**Task item:**
Could you reproduce the lines below from the one with "line L5 (4, -30) -> (-4, 30) construction" through the one with "of A2.centre A0.centre"? Keep both ends and add nothing.

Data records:
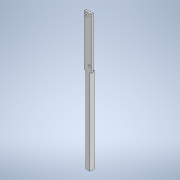
# Autodesk Inventor part: ArmV2
Saved by Autodesk Inventor 2021 (Build 250183000, 183)
## iProperties
Created: 2024-05-08
Part Number: ArmV2
Material: Generic
Document SubType Name: Modeling
Designer: brybr
Density: 1 g/cm^3
Appearance: Default
Author: brybr
Autodesk Inventor part; units mm, degrees
ref_plane "YZ Plane" through (0, 0, 0) normal (1, 0, 0) x (0, 1, 0)
ref_plane "XZ Plane" through (0, 0, 0) normal (0, 1, 0) x (-1, 0, 0)
ref_plane "XY Plane" through (0, 0, 0) normal (0, 0, 1) x (1, 0, 0)
sketch "Sketch1" plane through (0, 0, 0) normal (0, 0, 1) x (1, 0, 0)
  line L0 (-4, -30) -> (4, -30)
  line L1 (4, -30) -> (4, 30)
  line L2 (4, 30) -> (-4, 30)
  line L3 (-4, 30) -> (-4, -30)
  line L4 (-4, -30) -> (4, 30) construction
  line L5 (4, -30) -> (-4, 30) construction
  circle A0 centre (-2, 28) radius 1
  circle A1 centre (2, 28) radius 1
  circle A2 centre (-2, 25) radius 1
  circle A3 centre (2, -24) radius 1
  circle A4 centre (2, -23) radius 1
  point P0 (0, 0)
  point P1 (2.866, -23.5)
  point P2 (1.134, -23.5)
  dimension "d11" = 2
  dimension "d0" = 8
  dimension "d1" = 60
  dimension "d2" = 2
  dimension "d3" = 2
  dimension "d4" = 2
  dimension "d5" = 2
  dimension "d6" = 2
  dimension "d7" = 2
  dimension "d8" = 2
  dimension "d9" = 2
  dimension "d10" = 3
  dimension "d12" = 6
  dimension "d13" = 2
  dimension "d14" = 2
  constraints: 12 end point, 3 centre point, 2 midpoint, 2 parallel, 1 horizontal, 1 perpendicular, 6 other
  measures "d0" distance of L2.end L1.end
  measures "d1" distance of L1.end L0.end
  measures "d2" diameter of A0
  measures "d3" distance from line of L3 A0.centre
  measures "d4" distance from line of L2 A0.centre
  measures "d5" diameter of A1
  measures "d6" distance from line of L1 A1.centre
  measures "d7" distance from line of L2 A1.centre
  measures "d8" diameter of A2
  measures "d9" distance from line of L3 A2.centre
  measures "d10" distance of A2.centre A0.centre
  measures "d12" distance from line of L0 point (2, -24)
  measures "d13" distance from line of L1 point (2, -24)
  measures "d14" distance from line of L1 point (2, -23)
extrude "Extrusion1" add sketch "Sketch1" along normal blind 2
sketch "Sketch2" plane through (-4, -30, 0) normal (0, -1, 0) x (1, 0, 0)
  line L0 (1.6, 2) -> (6.4, 2)
  line L1 (6.4, 2) -> (6.4, -2.8)
  line L2 (6.4, -2.8) -> (1.6, -2.8)
  line L3 (1.6, -2.8) -> (1.6, 2)
  dimension "d21" = 4.8
  dimension "d22" = 4.8
  constraints: 8 end point, 2 parallel, 1 horizontal, 1 perpendicular
  measures "d21" distance of L1.end L2.end
  measures "d22" distance of L0.end L1.end
extrude "Extrusion2" add sketch "Sketch2" along normal blind 100
body "Solid1"

**Response for this exercise:**
  line L5 (4, -30) -> (-4, 30) construction
  circle A0 centre (-2, 28) radius 1
  circle A1 centre (2, 28) radius 1
  circle A2 centre (-2, 25) radius 1
  circle A3 centre (2, -24) radius 1
  circle A4 centre (2, -23) radius 1
  point P0 (0, 0)
  point P1 (2.866, -23.5)
  point P2 (1.134, -23.5)
  dimension "d11" = 2
  dimension "d0" = 8
  dimension "d1" = 60
  dimension "d2" = 2
  dimension "d3" = 2
  dimension "d4" = 2
  dimension "d5" = 2
  dimension "d6" = 2
  dimension "d7" = 2
  dimension "d8" = 2
  dimension "d9" = 2
  dimension "d10" = 3
  dimension "d12" = 6
  dimension "d13" = 2
  dimension "d14" = 2
  constraints: 12 end point, 3 centre point, 2 midpoint, 2 parallel, 1 horizontal, 1 perpendicular, 6 other
  measures "d0" distance of L2.end L1.end
  measures "d1" distance of L1.end L0.end
  measures "d2" diameter of A0
  measures "d3" distance from line of L3 A0.centre
  measures "d4" distance from line of L2 A0.centre
  measures "d5" diameter of A1
  measures "d6" distance from line of L1 A1.centre
  measures "d7" distance from line of L2 A1.centre
  measures "d8" diameter of A2
  measures "d9" distance from line of L3 A2.centre
  measures "d10" distance of A2.centre A0.centre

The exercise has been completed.